### Task prompt
Your job is to set down the stretch of entries that opens with the line containing "#78=VECTOR('',#77,1.);" and closes with the line containing "#86=CARTESIAN_POINT('',(0.,32.9,0.));". Keep both end lines, copy each exactly, and add nothing.

[Records from a data source]
☆ ☆ ☆ ☆ ☆ ☆ ☆
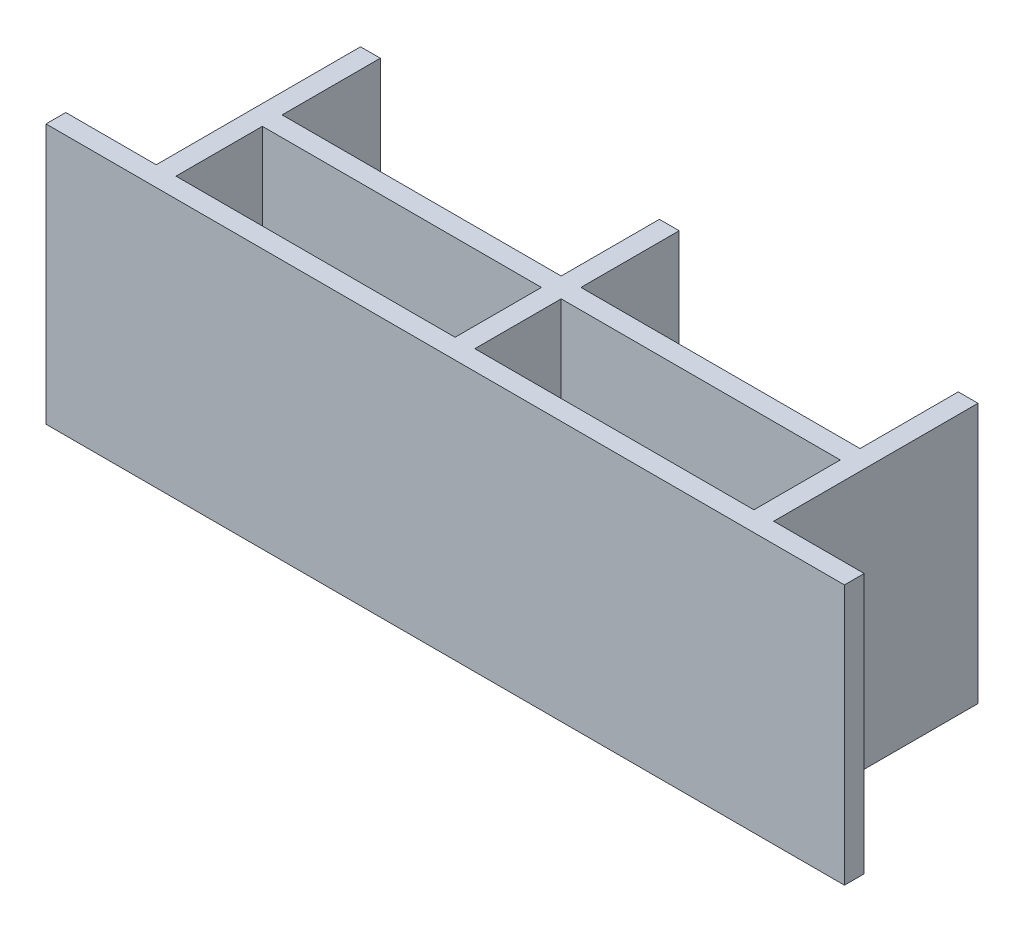
ISO-10303-21;
HEADER;
FILE_DESCRIPTION(('STEP AP214'),'2;1');
FILE_NAME('part.step','',(''),(''),'','','');
FILE_SCHEMA(('AUTOMOTIVE_DESIGN { 1 0 10303 214 1 1 1 1 }'));
ENDSEC;
DATA;
#1=APPLICATION_CONTEXT('core data for automotive mechanical design processes');
#2=APPLICATION_PROTOCOL_DEFINITION('international standard','automotive_design',2000,#1);
#3=PRODUCT_CONTEXT('',#1,'mechanical');
#4=PRODUCT('Part','Part','',(#3));
#5=PRODUCT_RELATED_PRODUCT_CATEGORY('part','',(#4));
#6=PRODUCT_DEFINITION_FORMATION('','',#4);
#7=PRODUCT_DEFINITION_CONTEXT('part definition',#1,'design');
#8=PRODUCT_DEFINITION('design','',#6,#7);
#9=PRODUCT_DEFINITION_SHAPE('','',#8);
#10=(LENGTH_UNIT() NAMED_UNIT(*) SI_UNIT(.MILLI.,.METRE.));
#11=(NAMED_UNIT(*) PLANE_ANGLE_UNIT() SI_UNIT($,.RADIAN.));
#12=(NAMED_UNIT(*) SI_UNIT($,.STERADIAN.) SOLID_ANGLE_UNIT());
#13=UNCERTAINTY_MEASURE_WITH_UNIT(LENGTH_MEASURE(1.E-05),#10,'distance_accuracy_value','');
#14=(GEOMETRIC_REPRESENTATION_CONTEXT(3) GLOBAL_UNCERTAINTY_ASSIGNED_CONTEXT((#13)) GLOBAL_UNIT_ASSIGNED_CONTEXT((#10,
#11,#12)) REPRESENTATION_CONTEXT('',''));
#15=CARTESIAN_POINT('',(0.,0.,0.));
#16=DIRECTION('',(0.,0.,1.));
#17=DIRECTION('',(1.,0.,0.));
#18=AXIS2_PLACEMENT_3D('',#15,#16,#17);
#19=CARTESIAN_POINT('',(0.,32.9,-43.));
#20=DIRECTION('',(0.,0.,1.));
#21=DIRECTION('',(1.,0.,0.));
#22=AXIS2_PLACEMENT_3D('',#19,#20,#21);
#23=PLANE('',#22);
#24=DIRECTION('',(-1.,0.,0.));
#25=VECTOR('',#24,1.);
#26=CARTESIAN_POINT('',(0.,32.9,-43.));
#27=LINE('',#26,#25);
#28=CARTESIAN_POINT('',(51.747,32.9,-43.));
#29=VERTEX_POINT('',#28);
#30=CARTESIAN_POINT('',(49.247,32.9,-43.));
#31=VERTEX_POINT('',#30);
#32=EDGE_CURVE('E42',#29,#31,#27,.T.);
#33=ORIENTED_EDGE('',*,*,#32,.F.);
#34=DIRECTION('',(0.,1.,0.));
#35=VECTOR('',#34,1.);
#36=CARTESIAN_POINT('',(51.747,0.,-43.));
#37=LINE('',#36,#35);
#38=CARTESIAN_POINT('',(51.747,0.,-43.));
#39=VERTEX_POINT('',#38);
#40=EDGE_CURVE('E283',#39,#29,#37,.T.);
#41=ORIENTED_EDGE('',*,*,#40,.F.);
#42=DIRECTION('',(-1.,0.,0.));
#43=VECTOR('',#42,1.);
#44=CARTESIAN_POINT('',(0.,0.,-43.));
#45=LINE('',#44,#43);
#46=CARTESIAN_POINT('',(49.247,0.,-43.));
#47=VERTEX_POINT('',#46);
#48=EDGE_CURVE('E378',#39,#47,#45,.T.);
#49=ORIENTED_EDGE('',*,*,#48,.T.);
#50=DIRECTION('',(0.,1.,0.));
#51=VECTOR('',#50,1.);
#52=CARTESIAN_POINT('',(49.247,0.,-43.));
#53=LINE('',#52,#51);
#54=EDGE_CURVE('E313',#47,#31,#53,.T.);
#55=ORIENTED_EDGE('',*,*,#54,.T.);
#56=EDGE_LOOP('',(#33,#41,#49,#55));
#57=FACE_BOUND('',#56,.T.);
#58=ADVANCED_FACE('F33',(#57),#23,.F.);
#59=CARTESIAN_POINT('',(13.945,32.9,-43.));
#60=VERTEX_POINT('',#59);
#61=CARTESIAN_POINT('',(11.445,32.9,-43.));
#62=VERTEX_POINT('',#61);
#63=EDGE_CURVE('E44',#60,#62,#27,.T.);
#64=ORIENTED_EDGE('',*,*,#63,.F.);
#65=DIRECTION('',(0.,1.,0.));
#66=VECTOR('',#65,1.);
#67=CARTESIAN_POINT('',(13.945,0.,-43.));
#68=LINE('',#67,#66);
#69=CARTESIAN_POINT('',(13.945,0.,-43.));
#70=VERTEX_POINT('',#69);
#71=EDGE_CURVE('E310',#70,#60,#68,.T.);
#72=ORIENTED_EDGE('',*,*,#71,.F.);
#73=CARTESIAN_POINT('',(11.445,0.,-43.));
#74=VERTEX_POINT('',#73);
#75=EDGE_CURVE('E374',#70,#74,#45,.T.);
#76=ORIENTED_EDGE('',*,*,#75,.T.);
#77=DIRECTION('',(0.,1.,0.));
#78=VECTOR('',#77,1.);
#79=CARTESIAN_POINT('',(11.445,0.,-43.));
#80=LINE('',#79,#78);
#81=EDGE_CURVE('E331',#74,#62,#80,.T.);
#82=ORIENTED_EDGE('',*,*,#81,.T.);
#83=EDGE_LOOP('',(#64,#72,#76,#82));
#84=FACE_BOUND('',#83,.T.);
#85=ADVANCED_FACE('F427',(#84),#23,.F.);
#86=CARTESIAN_POINT('',(0.,32.9,0.));
#87=DIRECTION('',(1.,0.,0.));
#88=DIRECTION('',(0.,0.,-1.));
#89=AXIS2_PLACEMENT_3D('',#86,#87,#88);
#90=PLANE('',#89);
#91=DIRECTION('',(0.,0.,1.));
#92=VECTOR('',#91,1.);
#93=CARTESIAN_POINT('',(0.,32.9,0.));
#94=LINE('',#93,#92);
#95=CARTESIAN_POINT('',(0.,32.9,-17.156));
#96=VERTEX_POINT('',#95);
#97=CARTESIAN_POINT('',(0.,32.9,-14.656));
#98=VERTEX_POINT('',#97);
#99=EDGE_CURVE('E367',#96,#98,#94,.T.);
#100=ORIENTED_EDGE('',*,*,#99,.F.);
#101=DIRECTION('',(0.,1.,0.));
#102=VECTOR('',#101,1.);
#103=CARTESIAN_POINT('',(0.,0.,-17.156));
#104=LINE('',#103,#102);
#105=CARTESIAN_POINT('',(0.,0.,-17.156));
#106=VERTEX_POINT('',#105);
#107=EDGE_CURVE('E326',#106,#96,#104,.T.);
#108=ORIENTED_EDGE('',*,*,#107,.F.);
#109=DIRECTION('',(0.,0.,1.));
#110=VECTOR('',#109,1.);
#111=CARTESIAN_POINT('',(0.,0.,0.));
#112=LINE('',#111,#110);
#113=CARTESIAN_POINT('',(0.,0.,-14.656));
#114=VERTEX_POINT('',#113);
#115=EDGE_CURVE('E365',#106,#114,#112,.T.);
#116=ORIENTED_EDGE('',*,*,#115,.T.);
#117=DIRECTION('',(0.,1.,0.));
#118=VECTOR('',#117,1.);
#119=CARTESIAN_POINT('',(0.,0.,-14.656));
#120=LINE('',#119,#118);
#121=EDGE_CURVE('E362',#114,#98,#120,.T.);
#122=ORIENTED_EDGE('',*,*,#121,.T.);
#123=EDGE_LOOP('',(#100,#108,#116,#122));
#124=FACE_BOUND('',#123,.T.);
#125=ADVANCED_FACE('F35',(#124),#90,.F.);
#126=CARTESIAN_POINT('',(101.,32.9,0.));
#127=DIRECTION('',(-1.,0.,0.));
#128=DIRECTION('',(0.,0.,1.));
#129=AXIS2_PLACEMENT_3D('',#126,#127,#128);
#130=PLANE('',#129);
#131=DIRECTION('',(0.,0.,-1.));
#132=VECTOR('',#131,1.);
#133=CARTESIAN_POINT('',(101.,0.,0.));
#134=LINE('',#133,#132);
#135=CARTESIAN_POINT('',(101.,0.,-14.656));
#136=VERTEX_POINT('',#135);
#137=CARTESIAN_POINT('',(101.,0.,-17.156));
#138=VERTEX_POINT('',#137);
#139=EDGE_CURVE('E372',#136,#138,#134,.T.);
#140=ORIENTED_EDGE('',*,*,#139,.T.);
#141=DIRECTION('',(0.,1.,0.));
#142=VECTOR('',#141,1.);
#143=CARTESIAN_POINT('',(101.,0.,-17.156));
#144=LINE('',#143,#142);
#145=CARTESIAN_POINT('',(101.,32.9,-17.156));
#146=VERTEX_POINT('',#145);
#147=EDGE_CURVE('E349',#138,#146,#144,.T.);
#148=ORIENTED_EDGE('',*,*,#147,.T.);
#149=DIRECTION('',(0.,0.,-1.));
#150=VECTOR('',#149,1.);
#151=CARTESIAN_POINT('',(101.,32.9,0.));
#152=LINE('',#151,#150);
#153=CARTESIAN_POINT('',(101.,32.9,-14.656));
☆ ☆ ☆ ☆ ☆ ☆ ☆
### Task result
#78=VECTOR('',#77,1.);
#79=CARTESIAN_POINT('',(11.445,0.,-43.));
#80=LINE('',#79,#78);
#81=EDGE_CURVE('E331',#74,#62,#80,.T.);
#82=ORIENTED_EDGE('',*,*,#81,.T.);
#83=EDGE_LOOP('',(#64,#72,#76,#82));
#84=FACE_BOUND('',#83,.T.);
#85=ADVANCED_FACE('F427',(#84),#23,.F.);
#86=CARTESIAN_POINT('',(0.,32.9,0.));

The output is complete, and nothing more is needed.